For one thing, there's simply no question that it takes longer to draw a letter than it does to tap it. Granted, if you're not intimately familiar with the layout of a QWERTY keyboard and therefore have to hunt for every letter, drawing might prove faster. But if you know how to type, Stack will definitely slow you down.
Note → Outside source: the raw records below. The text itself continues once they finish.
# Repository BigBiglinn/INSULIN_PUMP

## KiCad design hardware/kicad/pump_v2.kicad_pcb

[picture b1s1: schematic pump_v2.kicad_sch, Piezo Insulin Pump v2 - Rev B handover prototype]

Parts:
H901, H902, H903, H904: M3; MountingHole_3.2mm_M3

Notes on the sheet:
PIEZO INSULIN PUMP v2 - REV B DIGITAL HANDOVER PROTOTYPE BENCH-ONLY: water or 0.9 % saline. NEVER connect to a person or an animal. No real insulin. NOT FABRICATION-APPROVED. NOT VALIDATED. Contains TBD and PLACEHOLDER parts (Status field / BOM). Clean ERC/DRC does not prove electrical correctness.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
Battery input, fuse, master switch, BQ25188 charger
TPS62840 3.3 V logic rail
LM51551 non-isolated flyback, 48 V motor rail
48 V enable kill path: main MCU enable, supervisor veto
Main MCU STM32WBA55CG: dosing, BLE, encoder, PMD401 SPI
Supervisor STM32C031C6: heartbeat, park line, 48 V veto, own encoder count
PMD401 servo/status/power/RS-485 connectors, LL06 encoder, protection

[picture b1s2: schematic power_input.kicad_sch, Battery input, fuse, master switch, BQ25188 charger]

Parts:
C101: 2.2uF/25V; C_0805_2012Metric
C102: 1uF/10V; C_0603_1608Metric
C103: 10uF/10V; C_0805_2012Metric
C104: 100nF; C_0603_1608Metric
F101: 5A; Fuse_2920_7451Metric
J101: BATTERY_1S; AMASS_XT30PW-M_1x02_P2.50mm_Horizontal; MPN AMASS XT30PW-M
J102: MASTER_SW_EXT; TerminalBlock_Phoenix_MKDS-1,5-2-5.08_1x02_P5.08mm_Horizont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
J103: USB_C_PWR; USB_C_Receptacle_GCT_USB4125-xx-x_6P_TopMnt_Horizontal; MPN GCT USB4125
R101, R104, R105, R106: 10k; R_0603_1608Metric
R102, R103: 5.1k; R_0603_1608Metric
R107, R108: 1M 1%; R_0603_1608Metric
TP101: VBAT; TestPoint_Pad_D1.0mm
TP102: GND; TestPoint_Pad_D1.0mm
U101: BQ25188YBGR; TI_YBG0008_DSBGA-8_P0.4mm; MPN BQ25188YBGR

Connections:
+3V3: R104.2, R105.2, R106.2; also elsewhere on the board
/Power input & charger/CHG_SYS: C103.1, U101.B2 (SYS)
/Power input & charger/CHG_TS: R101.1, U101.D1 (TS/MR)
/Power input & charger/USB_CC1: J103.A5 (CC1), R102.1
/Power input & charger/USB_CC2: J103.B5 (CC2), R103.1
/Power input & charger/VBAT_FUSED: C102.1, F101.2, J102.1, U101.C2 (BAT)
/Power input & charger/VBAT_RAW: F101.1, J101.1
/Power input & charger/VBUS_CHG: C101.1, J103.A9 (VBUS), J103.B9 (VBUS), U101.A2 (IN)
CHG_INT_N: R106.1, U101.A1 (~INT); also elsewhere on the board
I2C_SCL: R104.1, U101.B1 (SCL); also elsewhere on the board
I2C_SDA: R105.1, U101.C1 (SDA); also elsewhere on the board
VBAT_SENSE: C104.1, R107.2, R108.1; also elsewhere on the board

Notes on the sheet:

The app does offer predictive text, same as all the aforementioned keyboards. So that helps. But in my tests, Stack frequently delivered weird results, especially with regard to capitalization. Sometimes it would capitalize letters that were clearly meant to be lowercase (like words in the middle of a sentence), and sometimes it would actually mix capital and lowercase letters within the same word. Draw the letter "c," for example, and you might get uppercase or you might get lowercase.

The old PalmPilot solved this dilemma perfectly by dividing the input area into sections: lowercase letters were drawn on the left, numbers and symbols on the right, and uppercase across the middle. Stack might benefit from a similar option.

The app also suffers from less-than-stellar recognition. Draw a lowercase "h," for instance, and you might find yourself with a "4." And therein lies the problem with virtually all handwriting recognition: everyone scribbles differently. My "h" is a little sloppy, sure, but I'm not going to use a "4" in the middle of a word. The predictive text helps compensate for this at times, but in the end I simply couldn't warm to Stack. Too slow, too imprecise, too frustrating.

Fortunately, it's free, so you've got nothing to lose by trying it. Maybe with some bug fixes and improvements it could give handwriting fans the input option they've longed for.